This is a false dichotomy. Masks or gloves as worn by ordinary people are nowhere near effective enough to mean lockdowns could end. They're very effective in clinical settings with proper ppe head to toe and procedures for taking them off outside the dirty ward, but there's no way most people can stick to those, nor keep their houses/shops clean enough.
I believe it's also well established that any measures taken to slow the spread of a new virus will always result in fewer total deaths
In the sense that they prevent a healthcare system being overwhelmed yes, in any other sense no, they are very much just a pause button for the spread of the virus, not a cure.
We wouldn't insist that people 'stop breathing' to prevent the spread of coromaviris. It's only somewhat different to insist that we all stop living and working.
Masks and gloves, plus generally keeping 6ft apart and routinely testing and contact tracing/quarantining infected individuals... what's the effective rate there? 95%? The modern medical establishment would move heaven and Earth, and incur thousands of dollars per person to get that last 5%. Most of us routinely ignore them in this regard, with respect to our own personal health, as we live our daily lives.
There just isn't a lot of evidence for the case that the choice is shutting the economic or killing millions.
Yes, although reality seems to be disagreeing with the models more and more.
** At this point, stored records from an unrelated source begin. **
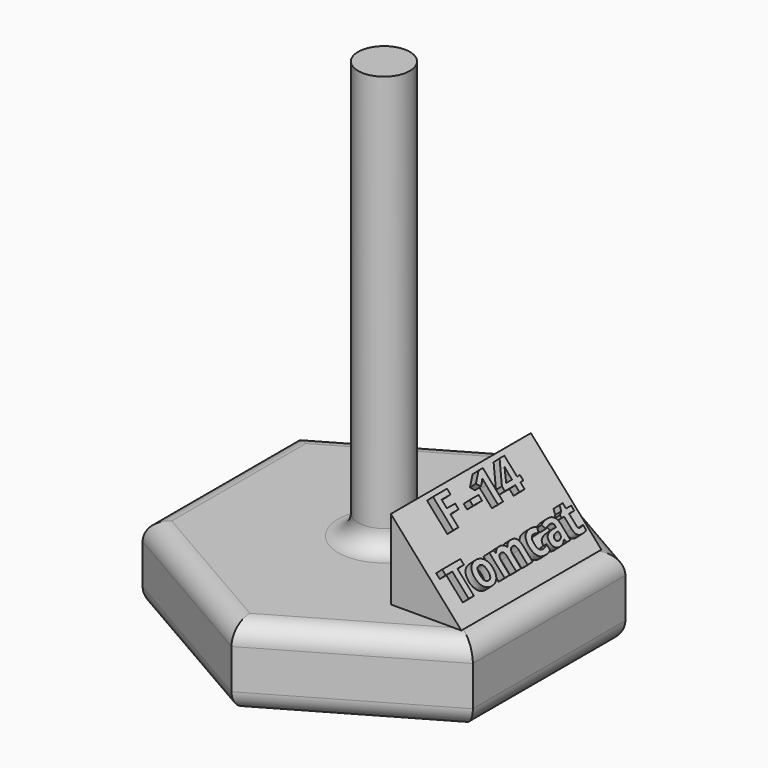
from build123d import *

# Parameters (mm, degrees)
F0_R         = 6.5
F1_DEPTH     = 20
F2_DEPTH     = 125
F3_R         = 5
F5_DEPTH     = 22
F6_TEXT_SIZE = 10.7700592353
F7_DEPTH     = 2
F8_TEXT_SIZE = 10.6237290949
F9_DEPTH     = 2


# Not quite as in the source:
# - Text() gives the source's letters only with a copy of the font that has no kerning and outlines rounded to 1/6400 em; it was checked with that copy


with BuildPart() as f1:
    # F0 (on Top) → F1 (new body)
    with BuildSketch(Plane.XY):
        Polygon((41.5, -23.9600361714), (41.5, 23.9600361714), (0, 47.9200723427), (-41.5, 23.9600361714), (-41.5, -23.9600361714), (0, -47.9200723427), align=None)
        Circle(F0_R, mode=Mode.SUBTRACT)
    extrude(amount=F1_DEPTH)

    # F0 (on Top) → F2 (join)
    with BuildSketch(Plane.XY):
        Circle(F0_R)
    extrude(amount=F2_DEPTH)

    # F3
    f3_edges = [f1.edges().sort_by_distance(p)[0] for p in [
        (41.5, 0, 20),
        (20.75, 35.940054, 20),
        (-20.75, 35.940054, 20),
        (-41.5, 0, 20),
        (-20.75, -35.940054, 20),
        (20.75, -35.940054, 20),
        (-6.5, 0, 20),
        (-20.75, 35.940054, 0),
        (-41.5, 0, 0),
        (41.5, 0, 0),
        (20.75, 35.940054, 0),
        (-20.75, -35.940054, 0),
        (20.75, -35.940054, 0),
    ]]
    fillet(f3_edges, radius=F3_R)


with BuildPart() as f5:
    # F4 (on Front) → F5 (new body, symmetric)
    with BuildSketch(Plane.XZ):
        Polygon((19.3288903683, 40.0872047422), (19.3288903683, 20.0498886406), (37.0393693447, 20.0498886406), align=None)
    extrude(amount=F5_DEPTH, both=True)

    # F6 (on face) → F7 (join)
    with BuildSketch(Plane(origin=(30.7432599733, 0, 27.1731930895), x_dir=(0, 1, 0), z_dir=(0.7492718712, 0, 0.6622625333))):
        with Locations((-12.6622533543, 8.2651593178)):
            Text('F -14', F6_TEXT_SIZE, font='Open Sans', font_style=FontStyle.BOLD, text_align=(TextAlign.LEFT, TextAlign.BOTTOM))
    extrude(amount=F7_DEPTH)

    # F8 (on face) → F9 (join)
    with BuildSketch(Plane(origin=(30.7432599733, 0, 27.1731930895), x_dir=(0, 1, 0), z_dir=(0.7492718712, 0, 0.6622625333))):
        with Locations((-20, -4.8890496019)):
            Text('Tomcat', F8_TEXT_SIZE, font='Open Sans', font_style=FontStyle.BOLD, text_align=(TextAlign.LEFT, TextAlign.BOTTOM))
    extrude(amount=F9_DEPTH)


solid = Compound([f1.part, f5.part])
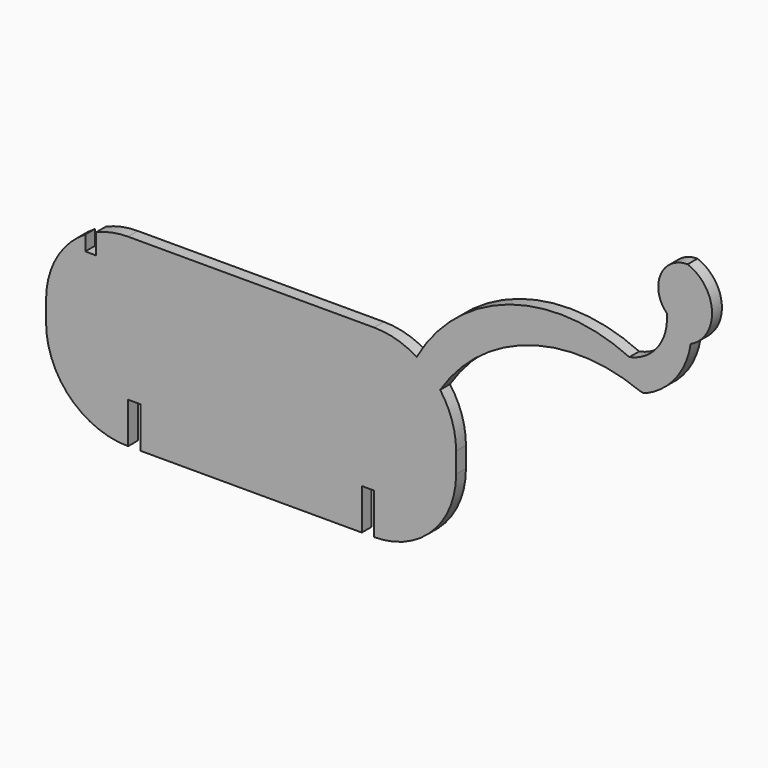
from build123d import *

# Parameters (mm, degrees)
F1_DEPTH = 3


# Not quite as in the source:
# - ends of sketch curves that miss each other by under 0.0002 mm in the source are joined


with BuildPart() as f1:
    # F0 (on Front) → F1 (new body)
    with BuildSketch(Plane.XZ):
        with BuildLine():
            Line((27.6752540097, 25.9776275605), (-32.3247459903, 25.9776275605))
            ThreePointArc((-32.3247459903, 25.9776275605), (-36.2904670893, 25.5805114342), (-40.0987030081, 24.4049331771))
            Line((-40.0987030081, 24.4049331771), (-40.0987030081, 19.4049331771))
            Line((-40.0987030081, 19.4049331771), (-42.7675568515, 19.4049331771))
            Line((-42.7675568515, 19.4049331771), (-42.7675568515, 23.0348166993))
            ThreePointArc((-42.7675568515, 23.0348166993), (-49.7726143017, 15.7537152948), (-52.3247459903, 5.9776275605))
            Line((-52.3247459903, 5.9776275605), (-52.3247459903, 0.9776275605))
            ThreePointArc((-52.3247459903, 0.9776275605), (-46.4668816141, -13.1645080632), (-32.3247459903, -19.0223724395))
            Line((-32.3247459903, -19.0223724395), (-32.3247459903, -9.0223724395))
            Line((-32.3247459903, -9.0223724395), (-29.3247459903, -9.0223724395))
            Line((-29.3247459903, -9.0223724395), (-29.3247459903, -19.0223724395))
            Line((-29.3247459903, -19.0223724395), (24.6752540097, -19.0223724395))
            Line((24.6752540097, -19.0223724395), (24.6752540097, -9.0223724395))
            Line((24.6752540097, -9.0223724395), (27.6752540097, -9.0223724395))
            Line((27.6752540097, -9.0223724395), (27.6752540097, -19.0223724395))
            ThreePointArc((27.6752540097, -19.0223724395), (41.8173896334, -13.1645080632), (47.6752540097, 0.9776275605))
            Line((47.6752540097, 0.9776275605), (47.6752540097, 5.9776275605))
            ThreePointArc((47.6752540097, 5.9776275605), (46.6766261397, 12.2184493954), (43.7804682921, 17.8360453688))
            ThreePointArc((43.7804682921, 17.8360453688), (65.3177378121, 34.4466284435), (92.4979172096, 33.4449816105))
            ThreePointArc((92.4979172096, 33.4449816105), (93.2694445512, 33.2995729147), (94.0374965073, 33.4623435853))
            ThreePointArc((94.0374965073, 33.4623435853), (101.2901547391, 39.0961583347), (104.8859376265, 47.5466769297))
            ThreePointArc((104.8859376265, 47.5466769297), (110.0970401084, 56.2336783381), (104.1383245347, 64.4259484991))
            ThreePointArc((104.1383245347, 64.4259484991), (97.5285801831, 60.0432380566), (99.0521934878, 52.2602133107))
            ThreePointArc((99.0521934878, 52.2602133107), (96.8833215141, 44.3091582137), (89.9362853313, 39.8749765827))
            ThreePointArc((89.9362853313, 39.8749765827), (60.6981355661, 41.6708405362), (38.0764996773, 23.060194363))
            ThreePointArc((38.0764996773, 23.060194363), (33.0765808814, 25.2344618804), (27.6752540097, 25.9776275605))
        make_face()
    extrude(amount=F1_DEPTH)


solid = f1.part
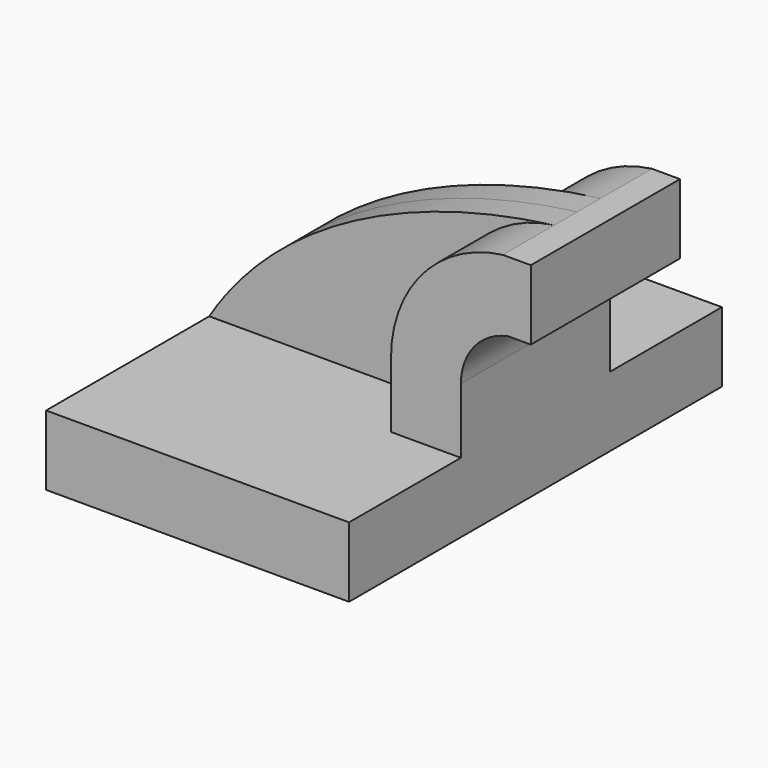
from build123d import *

# Parameters (mm, degrees)
F1_DEPTH = 63.5
F2_DEPTH = 25.4
F3_DEPTH = 7.9375


with BuildPart() as f1:
    # F0 (on Front) → F1 (new body, symmetric)
    with BuildSketch(Plane.XZ):
        Polygon((-41.275, -9.525), (41.275, -9.525), (41.275, 9.525), (22.225, 9.525), (-41.275, 9.525), align=None)
    extrude(amount=F1_DEPTH, both=True)

    # F0 (on Front) → F2 (join, symmetric)
    with BuildSketch(Plane.XZ):
        with BuildLine():
            Line((22.225, 9.525), (41.275, 9.525))
            Line((41.275, 9.525), (41.275, 27.2855908291))
            ThreePointArc((41.275, 27.2855908291), (44.9109862911, 37.3960887611), (54.1533834246, 42.8752))
            Line((54.1533834246, 42.8752), (60.325, 42.8752))
            Line((60.325, 42.8752), (60.325, 61.9252))
            Line((60.325, 61.9252), (52.6943180668, 61.9252))
            ThreePointArc((52.6943180668, 61.9252), (30.926248204, 50.3522435282), (22.225, 27.2855908291))
            Line((22.225, 27.2855908291), (22.225, 9.525))
        make_face()
    extrude(amount=F2_DEPTH, both=True)

    # F0 (on Front) → F3 (join, symmetric)
    with BuildSketch(Plane.XZ):
        with BuildLine():
            add(Edge.make_bspline(
                [(52.6943180668, 61.9252), (15.7995279878, 57.229410857), (-21.768245846, 41.0787798464), (-41.275, 9.525)],
                knots=[0, 0, 0, 0, 107.5918849076, 107.5918849076, 107.5918849076, 107.5918849076], degree=3))
            Line((-41.275, 9.525), (22.225, 9.525))
            Line((22.225, 9.525), (22.225, 27.2855908291))
            ThreePointArc((22.225, 27.2855908291), (30.926248204, 50.3522435282), (52.6943180668, 61.9252))
        make_face()
    extrude(amount=F3_DEPTH, both=True)


solid = f1.part
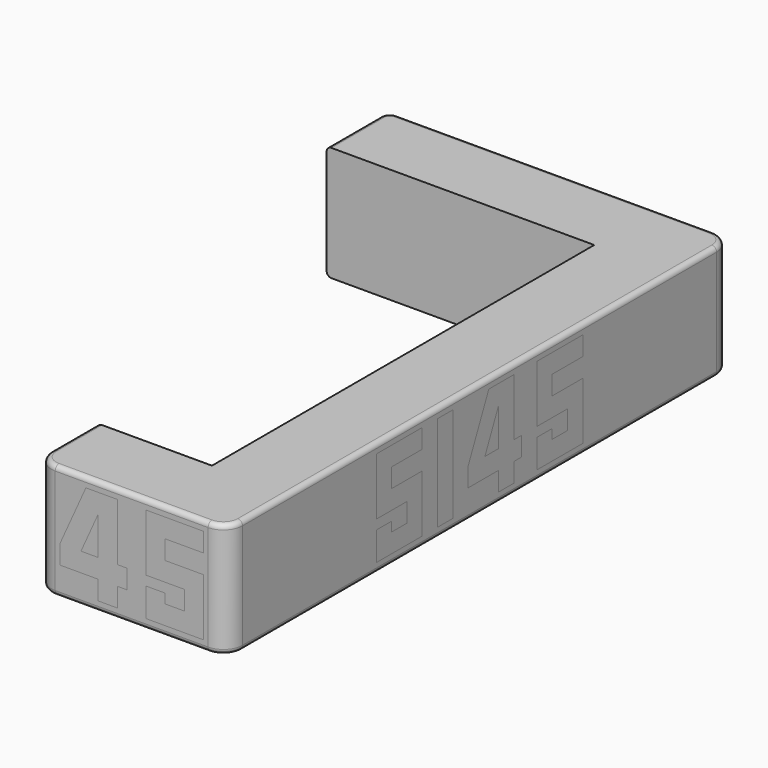
from build123d import *

# Parameters (mm, degrees)
F1_DEPTH  = 152.4
F2_R      = 25.4
F3_W      = 25.4
F3_H      = 127
F4_DEPTH  = 25.4
F5_DEPTH  = 25.4
F7_DEPTH  = 25.4
F8_DEPTH  = 25.4
F9_W      = 25.4
F9_H      = 127
F10_DEPTH = 25.4
F11_DEPTH = 25.4
F12_R     = 12.69999
F13_R     = 6.35


# Not quite as in the source:
# - a fillet or chamfer is up to 0.001 mm smaller than in the source, because OpenCascade refuses the exact size


with BuildPart() as f1:
    # F0 (on Top) → F1 (new body)
    with BuildSketch(Plane.XY):
        Polygon((-261.3841307829, 381.0432040095), (-261.3841307829, 279.4432040095), (94.2158692171, 279.4432040095), (94.2158692171, -355.5567959905), (-58.1841307829, -355.5567959905), (-58.1841307829, -457.1567959905), (195.8158692171, -457.1567959905), (195.8158692171, 381.0432040095), align=None)
    extrude(amount=F1_DEPTH)

    # F2
    f2_edges = [f1.edges().sort_by_distance(p)[0] for p in [
        (195.815869, -457.156796, 76.2),
        (-58.184131, -457.156796, 76.2),
        (195.815869, 381.043204, 76.2),
    ]]
    fillet(f2_edges, radius=F2_R)

    # F3 (on face) → F4 (cut)
    with BuildSketch(Plane.YZ.offset(195.8158692171)):
        Polygon((-133.3067959905, 114.3), (-133.3067959905, 139.7), (-209.5067959905, 139.7), (-209.5067959905, 63.5), (-158.7067959905, 63.5), (-158.7067959905, 38.1), (-184.1067959905, 38.1), (-184.1067959905, 50.8), (-209.5067959905, 50.8), (-209.5067959905, 12.7), (-133.3067959905, 12.7), (-133.3067959905, 88.9), (-184.1067959905, 88.9), (-184.1067959905, 114.3), align=None)
        with Locations((-95.2067959905, 76.2)):
            Rectangle(F3_W, F3_H)
        Polygon((19.0932040095, 63.5), (19.0932040095, 139.7), (-22.7088792915, 139.7), (-57.1067959905, 63.5), (-57.1067959905, 38.1), (-6.3067959905, 38.1), (-6.3067959905, 12.7), (19.0932040095, 12.7), (19.0932040095, 38.1), (31.7932040095, 38.1), (31.7932040095, 63.5), align=None)
        Polygon((-6.3067959905, 114.3), (-6.3067959905, 63.5), (-29.2387404565, 63.5), align=None, mode=Mode.SUBTRACT)
        Polygon((133.3932040095, 114.3), (133.3932040095, 139.7), (57.1932040095, 139.7), (57.1932040095, 63.5), (107.9932040095, 63.5), (107.9932040095, 38.1), (82.5932040095, 38.1), (82.5932040095, 50.8), (57.1932040095, 50.8), (57.1932040095, 12.7), (133.3932040095, 12.7), (133.3932040095, 88.9), (82.5932040095, 88.9), (82.5932040095, 114.3), align=None)
    extrude(amount=-F4_DEPTH, mode=Mode.SUBTRACT)


with BuildPart() as f5:
    # F5 (new): a face of the model
    f5_faces = [f1.part.faces().sort_by_distance(p)[0] for p in [
        (170.4158692171, -172.5111438166, 74.8195652174),
    ]]
    extrude(f5_faces, amount=F5_DEPTH)


with BuildPart() as f5b:
    # F5#2 (new): a face of the model
    f5_2_faces = [f1.part.faces().sort_by_distance(p)[0] for p in [
        (170.4158692171, -95.2067959905, 76.2),
    ]]
    extrude(f5_2_faces, amount=F5_DEPTH)


with BuildPart() as f5c:
    # F5#3 (new): a face of the model
    f5_3_faces = [f1.part.faces().sort_by_distance(p)[0] for p in [
        (170.4158692171, 25.4432040095, 61.9497674368),
    ]]
    extrude(f5_3_faces, amount=F5_DEPTH)


with BuildPart() as f5d:
    # F5#4 (new): a face of the model
    f5_4_faces = [f1.part.faces().sort_by_distance(p)[0] for p in [
        (170.4158692171, 94.1888561834, 74.8195652174),
    ]]
    extrude(f5_4_faces, amount=F5_DEPTH)


with BuildPart() as f1_1:
    add(f1.part)

    # F6 (on face) → F7 (cut)
    with BuildSketch(Plane.XZ.offset(457.1567959905)):
        Polygon((49.7658692171, 139.7), (7.9637859161, 139.7), (-26.4341307829, 63.5), (-26.4341307829, 38.1), (24.3658692171, 38.1), (24.3658692171, 12.7), (49.7658692171, 12.7), (49.7658692171, 38.1), (62.4658692171, 38.1), (62.4658692171, 63.5), (49.7658692171, 63.5), align=None)
        Polygon((24.3658692171, 114.3), (24.3658692171, 63.5), (1.4339247512, 63.5), align=None, mode=Mode.SUBTRACT)
        Polygon((164.0658692171, 114.3), (164.0658692171, 139.7), (87.8658692171, 139.7), (87.8658692171, 63.5), (138.6658692171, 63.5), (138.6658692171, 38.1), (113.2658692171, 38.1), (113.2658692171, 50.8), (87.8658692171, 50.8), (87.8658692171, 12.7), (164.0658692171, 12.7), (164.0658692171, 88.9), (113.2658692171, 88.9), (113.2658692171, 114.3), align=None)
    extrude(amount=-F7_DEPTH, mode=Mode.SUBTRACT)


with BuildPart() as f8:
    # F8 (new): a face of the model
    f8_faces = [f1_1.part.faces().sort_by_distance(p)[0] for p in [
        (48.2156366539, -431.7567959905, 101.6),
    ]]
    extrude(f8_faces, amount=F8_DEPTH)


with BuildPart() as f8b:
    # F8#2 (new): a face of the model
    f8_2_faces = [f1_1.part.faces().sort_by_distance(p)[0] for p in [
        (124.8615213911, -431.7567959905, 74.8195652174),
    ]]
    extrude(f8_2_faces, amount=F8_DEPTH)


with BuildPart() as f1_2:
    add(f1_1.part)

    # F9 (on face) → F10 (cut)
    with BuildSketch(Plane(origin=(0, 381.0432040095, 0), x_dir=(-1, 0, 0), z_dir=(0, 1, 0))):
        Polygon((197.8841307829, 114.3), (197.8841307829, 139.7), (121.6841307829, 139.7), (121.6841307829, 63.5), (172.4841307829, 63.5), (172.4841307829, 38.1), (147.0841307829, 38.1), (147.0841307829, 50.8), (121.6841307829, 50.8), (121.6841307829, 12.7), (197.8841307829, 12.7), (197.8841307829, 88.9), (147.0841307829, 88.9), (147.0841307829, 114.3), align=None)
        with Locations((235.9841307829, 76.2)):
            Rectangle(F9_W, F9_H)
    extrude(amount=-F10_DEPTH, mode=Mode.SUBTRACT)


with BuildPart() as f11:
    # F11 (new): a face of the model
    f11_faces = [f1_2.part.faces().sort_by_distance(p)[0] for p in [
        (-158.6797829568, 355.6432040095, 74.8195652174),
    ]]
    extrude(f11_faces, amount=F11_DEPTH)


with BuildPart() as f11b:
    # F11#2 (new): a face of the model
    f11_2_faces = [f1_2.part.faces().sort_by_distance(p)[0] for p in [
        (-235.9841307829, 355.6432040095, 76.2),
    ]]
    extrude(f11_2_faces, amount=F11_DEPTH)


with BuildPart() as f1_3:
    add(f1_2.part)

    # F12 (radius 12.7 in the source; OpenCascade refuses exactly that, so slightly less here)
    f12_edges = [f1_3.edges().sort_by_distance(p)[0] for p in [
        (-261.384131, 381.043204, 76.2),
    ]]
    fillet(f12_edges, radius=F12_R)

    # F13
    f13_edges = [f1_3.edges().sort_by_distance(p)[0] for p in [
        (68.815869, -457.156796, 152.4),
        (195.815869, -38.056796, 0),
    ]]
    fillet(f13_edges, radius=F13_R)


solid = Compound([f5.part, f5b.part, f5c.part, f5d.part, f8.part, f8b.part, f11.part, f11b.part, f1_3.part])

You have countries in southeast Asia with community transmission but no lockdown, and countries in Europe with the military enforcing a strict lockdown, and the latter are far worse off in terms of hospital admissions and deaths per capita than the former.
I believe it's also well established that any measures taken to slow the spread of a new virus will always result in fewer total deaths
In the sense that they prevent a healthcare system being overwhelmed yes, in any other sense no, they are very much just a pause button for the spread of the virus, not a cure.